Polybion, a Mexican company that grows biomaterials for industrial applications, is set to scale up production at its bacterial cellulose facility after closing a US$4.4m Series A funding round led by Blue Horizon. At maximum capacity, the company’s solar-powered manufacturing facility, the world’s first bacterial cellulose bio-manufacturing facility, will produce 1,100,000ft2 per annum of the company’s proprietary biotextile, Celium.
“Scaling the production of Celium, a sustainable alternative to animal-based textiles and petroleum-derived synthetics, is a huge step on Polybion’s mission to bring performance and possibility to 21st-century designers and materials engineers,” said Axel Gómez-Ortigoza, co-founder and chief executive officer, Polybion. “We are excited to partner with Blue Horizon, as we share a common vision on accelerating sustainability and the circular economy. In addition, having Blue Horizon as a partner allows us to scale new initiatives to build our brand and network.”

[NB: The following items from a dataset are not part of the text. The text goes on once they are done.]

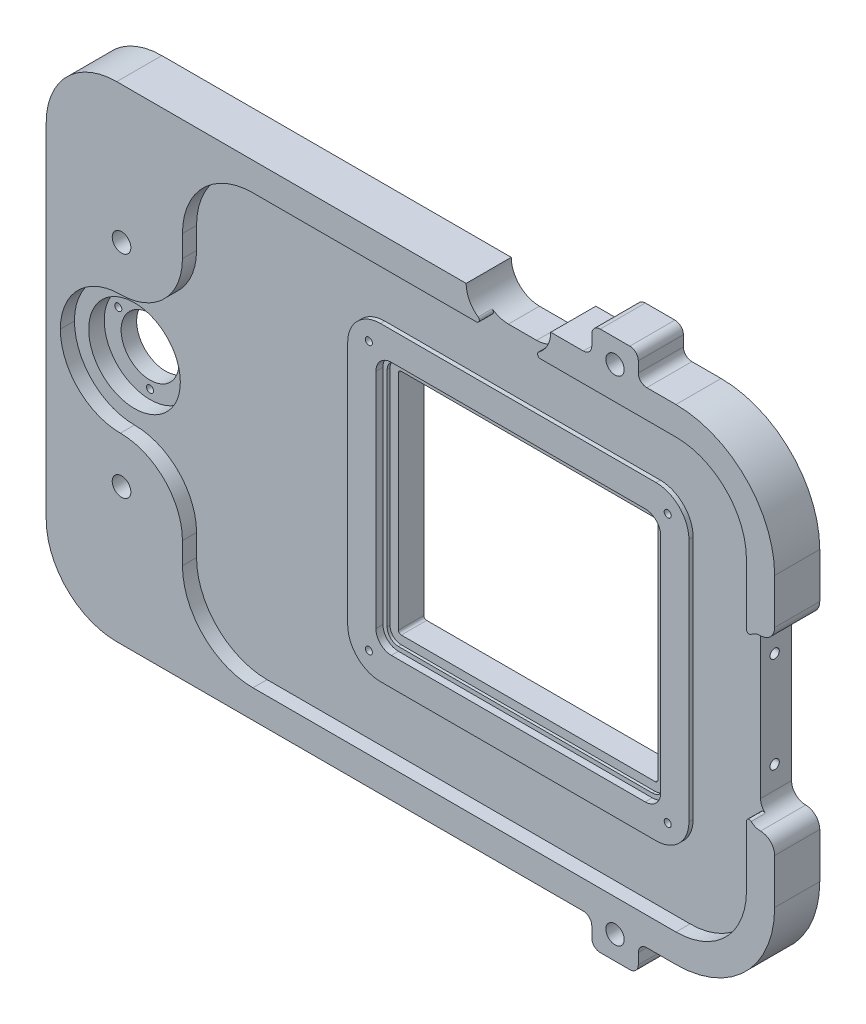
from build123d import *

# Parameters (mm, degrees)
SKETCH1_R                = 16.25
SKETCH1_W                = 121
SKETCH1_H                = 110
BOSS_EXTRUDE1_DEPTH      = 11
SKETCH1_5_W              = 121
SKETCH1_5_H              = 110
SKETCH1_5_W_2            = 101
SKETCH1_5_H_2            = 90
BOSS_EXTRUDE2_DEPTH      = 12.5
SKETCH1_7_W              = 101
SKETCH1_7_H              = 90
SKETCH1_7_W_2            = 98
SKETCH1_7_H_2            = 87
BOSS_EXTRUDE3_DEPTH      = 10
SKETCH1_8_W              = 98
SKETCH1_8_H              = 87
SKETCH1_8_W_2            = 92
SKETCH1_8_H_2            = 81
BOSS_EXTRUDE4_DEPTH      = 9
SKETCH1_9_R              = 16.25
SKETCH1_9_R_2            = 10.25
BOSS_EXTRUDE5_DEPTH      = 5.5
OLES_RUNDING_R           = 11.65
FILLET7_R                = 1
FILLET8_R                = 4
FILLET9_R                = 5.5
M3_TAPPED_HOLE1_D        = 2.5
M4_TAPPED_HOLE2_D        = 3.3
M4_TAPPED_HOLE2_DEPTH    = 10.1
M4_TAPPED_HOLE2_TIP      = 0.991420021
FILLET11_R               = 5
M3_TAPPED_HOLE3_D        = 2.5
M3_TAPPED_HOLE3_DEPTH    = 9.5
M3_TAPPED_HOLE3_TIP      = 0.751075774
BOSS_EXTRUDE6_START      = 5
BOSS_EXTRUDE6_DEPTH      = 5
FILLET12_R               = 25
FILLET13_R               = 22
FILLET14_R               = 21.3
M6_CLEARANCE_HOLE4_D     = 6.6
CUT_EXTRUDE1_DEPTH       = 158.634775668
CUT_EXTRUDE1_DEPTH_BACK  = 158.634775668
FILLET15_START           = 11
FILLET15_DEPTH           = 5
BOSS_EXTRUDE7_DEPTH      = 5
BOSS_EXTRUDE7_DEPTH_BACK = 11
CUT_EXTRUDE2_DEPTH       = 164.158772366
CUT_EXTRUDE2_DEPTH_BACK  = 164.158772366
SKETCH26_3_R             = 3.25
FILLET16_R               = 3
JENS_S_RUNDING_R         = 35


with BuildPart() as part:
    # Sketch1 → Boss-Extrude1 (new body)
    with BuildSketch(Plane.XY):
        Polygon((-121.65, -86), (121.65, -86), (131.65, -86), (131.65, -55), (131.65, -30), (121.65, -30), (121.65, 30), (131.65, 30), (131.65, 55), (131.65, 70), (131.65, 86), (121.65, 86), (-121.65, 86), (-126.65, 86), (-126.65, -86), align=None)
        with Locations((-100.35, 0)):
            Circle(SKETCH1_R, mode=Mode.SUBTRACT)
        with Locations((37.25, 0)):
            Rectangle(SKETCH1_W, SKETCH1_H, mode=Mode.SUBTRACT)
    extrude(amount=BOSS_EXTRUDE1_DEPTH)

    # Sketch1<5> → Boss-Extrude2 (add)
    with BuildSketch(Plane.XY):
        with Locations((37.25, 0)):
            Rectangle(SKETCH1_5_W, SKETCH1_5_H)
        with Locations((37.25, 0)):
            Rectangle(SKETCH1_5_W_2, SKETCH1_5_H_2, mode=Mode.SUBTRACT)
    extrude(amount=BOSS_EXTRUDE2_DEPTH)

    # Sketch1<7> → Boss-Extrude3 (add)
    with BuildSketch(Plane.XY):
        with Locations((37.25, 0)):
            Rectangle(SKETCH1_7_W, SKETCH1_7_H)
        with Locations((37.25, 0)):
            Rectangle(SKETCH1_7_W_2, SKETCH1_7_H_2, mode=Mode.SUBTRACT)
    extrude(amount=BOSS_EXTRUDE3_DEPTH)

    # Sketch1<8> → Boss-Extrude4 (add)
    with BuildSketch(Plane.XY):
        with Locations((37.25, 0)):
            Rectangle(SKETCH1_8_W, SKETCH1_8_H)
        with Locations((37.25, 0)):
            Rectangle(SKETCH1_8_W_2, SKETCH1_8_H_2, mode=Mode.SUBTRACT)
    extrude(amount=BOSS_EXTRUDE4_DEPTH)

    # Sketch1<9> → Boss-Extrude5 (add)
    with BuildSketch(Plane.XY):
        with Locations((-100.35, 0)):
            Circle(SKETCH1_9_R)
        with Locations((-100.35, 0)):
            Circle(SKETCH1_9_R_2, mode=Mode.SUBTRACT)
    extrude(amount=BOSS_EXTRUDE5_DEPTH)

    # oles runding
    oles_runding_edges = [part.edges().sort_by_distance(p)[0] for p in [
        (-23.25, 55, 11.75),
        (-23.25, -55, 11.75),
        (97.75, -55, 11.75),
        (97.75, 55, 11.75),
    ]]
    fillet(oles_runding_edges, radius=OLES_RUNDING_R)

    # Fillet7
    fillet7_edges = [part.edges().sort_by_distance(p)[0] for p in [
        (83.25, -40.5, 4.5),
        (-8.75, -40.5, 4.5),
        (-8.75, 40.5, 4.5),
        (83.25, 40.5, 4.5),
    ]]
    fillet(fillet7_edges, radius=FILLET7_R)

    # Fillet8
    fillet8_edges = [part.edges().sort_by_distance(p)[0] for p in [
        (86.25, -43.5, 9.5),
        (-11.75, -43.5, 9.5),
        (-11.75, 43.5, 9.5),
        (86.25, 43.5, 9.5),
    ]]
    fillet(fillet8_edges, radius=FILLET8_R)

    # Fillet9
    fillet9_edges = [part.edges().sort_by_distance(p)[0] for p in [
        (87.75, -45, 11.25),
        (-13.25, -45, 11.25),
        (-13.25, 45, 11.25),
        (87.75, 45, 11.25),
    ]]
    fillet(fillet9_edges, radius=FILLET9_R)

    # M3 Tapped Hole1 (through all)
    with Locations(Plane.XY.offset(5.5)):
        with Locations((-89.091669751, 6.5), (-100.35, -13), (-111.608330249, 6.5)):
            Hole(M3_TAPPED_HOLE1_D / 2)

    # M4 Tapped Hole2
    with Locations(Plane(origin=(121.65, 0, 0), x_dir=(0, 0, -1), z_dir=(1, 0, 0))):
        with Locations((-6, 17), (-6, -17)):
            Hole(M4_TAPPED_HOLE2_D / 2, depth=M4_TAPPED_HOLE2_DEPTH)
            with Locations((0, 0, -(M4_TAPPED_HOLE2_DEPTH + M4_TAPPED_HOLE2_TIP / 2))):  # 118° drill point
                Cone(0, M4_TAPPED_HOLE2_D / 2, M4_TAPPED_HOLE2_TIP, mode=Mode.SUBTRACT)

    # Fillet11
    fillet11_edges = [part.edges().sort_by_distance(p)[0] for p in [
        (121.65, -30, 5.5),
        (121.65, 30, 5.5),
    ]]
    fillet(fillet11_edges, radius=FILLET11_R)
    fillet11_2_edges = [part.edges().sort_by_distance(p)[0] for p in [
        (131.65, -30, 5.5),
        (131.65, 30, 5.5),
    ]]
    fillet(fillet11_2_edges, radius=FILLET11_R - 0.0001)  # a hair under: the kernel refuses the full size

    # M3 Tapped Hole3
    with Locations(Plane.XY.offset(12.5)):
        with Locations((-15.738440649, -47.488440649), (-15.738440649, 47.488440649), (90.238440649, 47.488440649), (90.238440649, -47.488440649)):
            Hole(M3_TAPPED_HOLE3_D / 2, depth=M3_TAPPED_HOLE3_DEPTH)
            with Locations((0, 0, -(M3_TAPPED_HOLE3_DEPTH + M3_TAPPED_HOLE3_TIP / 2))):  # 118° drill point
                Cone(0, M3_TAPPED_HOLE3_D / 2, M3_TAPPED_HOLE3_TIP, mode=Mode.SUBTRACT)

    # Sketch20 → Boss-Extrude6 (add)
    with BuildSketch(Plane.XY.offset(11).offset(BOSS_EXTRUDE6_START)):
        with BuildLine():
            Line((121.65, -25), (121.65, -76))
            Line((121.65, -76), (-78.35, -76))
            Line((-78.35, -76), (-78.35, -21.3))
            Line((-78.35, -21.3), (-121.65, -21.3))
            Line((-121.65, -21.3), (-121.65, 21.3))
            Line((-121.65, 21.3), (-78.35, 21.3))
            Line((-78.35, 21.3), (-78.35, 76))
            Line((-78.35, 76), (31.535138546, 76))
            Line((31.535138546, 76), (61.535138546, 76))
            Line((61.535138546, 76), (121.65, 76))
            Line((121.65, 76), (121.65, 25))
            ThreePointArc((121.65, 25), (123.114466094, 28.535533906), (126.65, 30))
            ThreePointArc((126.65, 30), (130.185533906, 31.464466094), (131.65, 35))
            Line((131.65, 35), (131.65, 86))
            Line((131.65, 86), (-126.65, 86))
            Line((-126.65, 86), (-126.65, -86))
            Line((-126.65, -86), (131.65, -86))
            Line((131.65, -86), (131.65, -35))
            ThreePointArc((131.65, -35), (130.185533906, -31.464466094), (126.65, -30))
            ThreePointArc((126.65, -30), (123.114466094, -28.535533906), (121.65, -25))
        make_face()
    extrude(amount=-BOSS_EXTRUDE6_DEPTH)

    # Fillet12
    fillet12_edges = [part.edges().sort_by_distance(p)[0] for p in [
        (-126.65, -86, 8),
        (-126.65, 86, 8),
        (121.65, -76, 13.5),
        (-78.35, -76, 13.5),
        (-78.35, 76, 13.5),
        (121.65, 76, 13.5),
    ]]
    fillet(fillet12_edges, radius=FILLET12_R)

    # Fillet13
    fillet13_edges = [part.edges().sort_by_distance(p)[0] for p in [
        (-78.35, -21.3, 13.5),
        (-78.35, 21.3, 13.5),
    ]]
    fillet(fillet13_edges, radius=FILLET13_R)

    # Fillet14
    fillet14_edges = [part.edges().sort_by_distance(p)[0] for p in [
        (-121.65, -21.3, 13.5),
        (-121.65, 21.3, 13.5),
    ]]
    fillet(fillet14_edges, radius=FILLET14_R - 0.0001)  # a hair under: the kernel refuses the full size

    # M6 Clearance Hole4 (through all)
    with Locations(Plane.XY.offset(16)):
        with Locations((-99.95, 37.5), (-99.95, -37.5)):
            Hole(M6_CLEARANCE_HOLE4_D / 2)

    # Sketch25 → Cut-Extrude1 (cut, two sides: drawn at the far end of the back side and taken through both)
    with BuildSketch(Plane.XY.offset(11).offset(-CUT_EXTRUDE1_DEPTH_BACK)):
        with BuildLine():
            Line((52.25, 86), (22.25, 86))
            ThreePointArc((22.25, 86), (25.178932188, 78.928932188), (32.25, 76))
            Line((32.25, 76), (42.25, 76))
            ThreePointArc((42.25, 76), (49.321067812, 78.928932188), (52.25, 86))
        make_face()
    extrude(amount=CUT_EXTRUDE1_DEPTH + CUT_EXTRUDE1_DEPTH_BACK, mode=Mode.SUBTRACT)

    # Fillet15: read off the stored shape, not the designer's step
    # Fillet15 outline → Fillet15 (cut)
    with BuildSketch(Plane.XY.offset(FILLET15_START)):
        with BuildLine():
            Line((121.65, -25), (121.65, -29.472135955))
            ThreePointArc((121.65, -29.472135955), (122.24175171, -28.559265026), (123.316666667, -28.726779962))
            ThreePointArc((123.316666667, -28.726779962), (122.085645354, -27.041241452), (121.65, -25))
        make_face()
        with BuildLine():
            ThreePointArc((123.316666667, 28.726779962), (122.24175171, 28.559265026), (121.65, 29.472135955))
            Line((121.65, 29.472135955), (121.65, 25))
            ThreePointArc((121.65, 25), (122.085645354, 27.041241452), (123.316666667, 28.726779962))
        make_face()
        with BuildLine():
            ThreePointArc((48.57455532, 76), (47.621092731, 76.698488655), (47.999595746, 77.818181818))
            ThreePointArc((47.999595746, 77.818181818), (45.265113446, 76.465374107), (42.25, 76))
            Line((42.25, 76), (48.57455532, 76))
        make_face()
        with BuildLine():
            ThreePointArc((26.500404254, 77.818181818), (26.878907269, 76.698488655), (25.92544468, 76))
            Line((25.92544468, 76), (32.25, 76))
            ThreePointArc((32.25, 76), (29.234886554, 76.465374107), (26.500404254, 77.818181818))
        make_face()
    extrude(amount=FILLET15_DEPTH, mode=Mode.SUBTRACT)

    # Sketch26 → Boss-Extrude7 (add, two sides: drawn at the far end of the back side and taken through both)
    with BuildSketch(Plane.XY.offset(11).offset(-BOSS_EXTRUDE7_DEPTH_BACK)):
        with BuildLine():
            Line((72.166859351, -86), (66.8, -86))
            Line((66.8, -86), (66.8, -95.75))
            Line((66.8, -95.75), (83.3, -95.75))
            Line((83.3, -95.75), (83.3, -86))
            Line((83.3, -86), (77.933140649, -86))
            ThreePointArc((77.933140649, -86), (78.206953207, -86.727894796), (78.3, -87.5))
            ThreePointArc((78.3, -87.5), (74.277894796, -90.656953207), (72.166859351, -86))
        make_face()
        with BuildLine():
            Line((66.8, 95.75), (66.8, 86))
            Line((66.8, 86), (72.166859351, 86))
            ThreePointArc((72.166859351, 86), (74.277894796, 90.656953207), (78.3, 87.5))
            ThreePointArc((78.3, 87.5), (78.206953207, 86.727894796), (77.933140649, 86))
            Line((77.933140649, 86), (83.3, 86))
            Line((83.3, 86), (83.3, 95.75))
            Line((83.3, 95.75), (66.8, 95.75))
        make_face()
    extrude(amount=BOSS_EXTRUDE7_DEPTH + BOSS_EXTRUDE7_DEPTH_BACK)

    # Sketch26<3> → Cut-Extrude2 (cut, two sides: drawn at the far end of the back side and taken through both)
    with BuildSketch(Plane.XY.offset(11).offset(-CUT_EXTRUDE2_DEPTH_BACK)):
        with Locations((75.05, -87.5)):
            Circle(SKETCH26_3_R)
        with Locations((75.05, 87.5)):
            Circle(SKETCH26_3_R)
    extrude(amount=CUT_EXTRUDE2_DEPTH + CUT_EXTRUDE2_DEPTH_BACK, mode=Mode.SUBTRACT)

    # Fillet16
    fillet16_edges = [part.edges().sort_by_distance(p)[0] for p in [
        (83.3, -86, 8),
        (83.3, -95.75, 8),
        (66.8, -95.75, 8),
        (66.8, -86, 8),
        (66.8, 86, 8),
        (66.8, 95.75, 8),
        (83.3, 95.75, 8),
        (83.3, 86, 8),
    ]]
    fillet(fillet16_edges, radius=FILLET16_R)

    # Jens's runding
    jens_s_runding_edges = [part.edges().sort_by_distance(p)[0] for p in [
        (131.65, -86, 8),
        (131.65, 86, 8),
    ]]
    fillet(jens_s_runding_edges, radius=JENS_S_RUNDING_R)


solid = part.part

Polybion was founded in 2015 by Mexican brothers Axel and Alexis Gómez-Ortigoza and Bárbara González Rolón. Together, they developed the tools and technology to grow high-performance bio-assembled materials by upcycling agro-industrial food waste and harnessing living organisms such as bacteria. Leveraging waste as raw material and designing, producing and finishing products under the same roof are the north stars in Polybion’s long-term strategy.
Celium is the first in a series of new biomaterials Polybion plans to create. Produced from the most abundant and versatile material on Earth – cellulose – it is an animal-free leather substitute, said to have high-performance characteristics, making it suitable for a range of uses including automotive applications.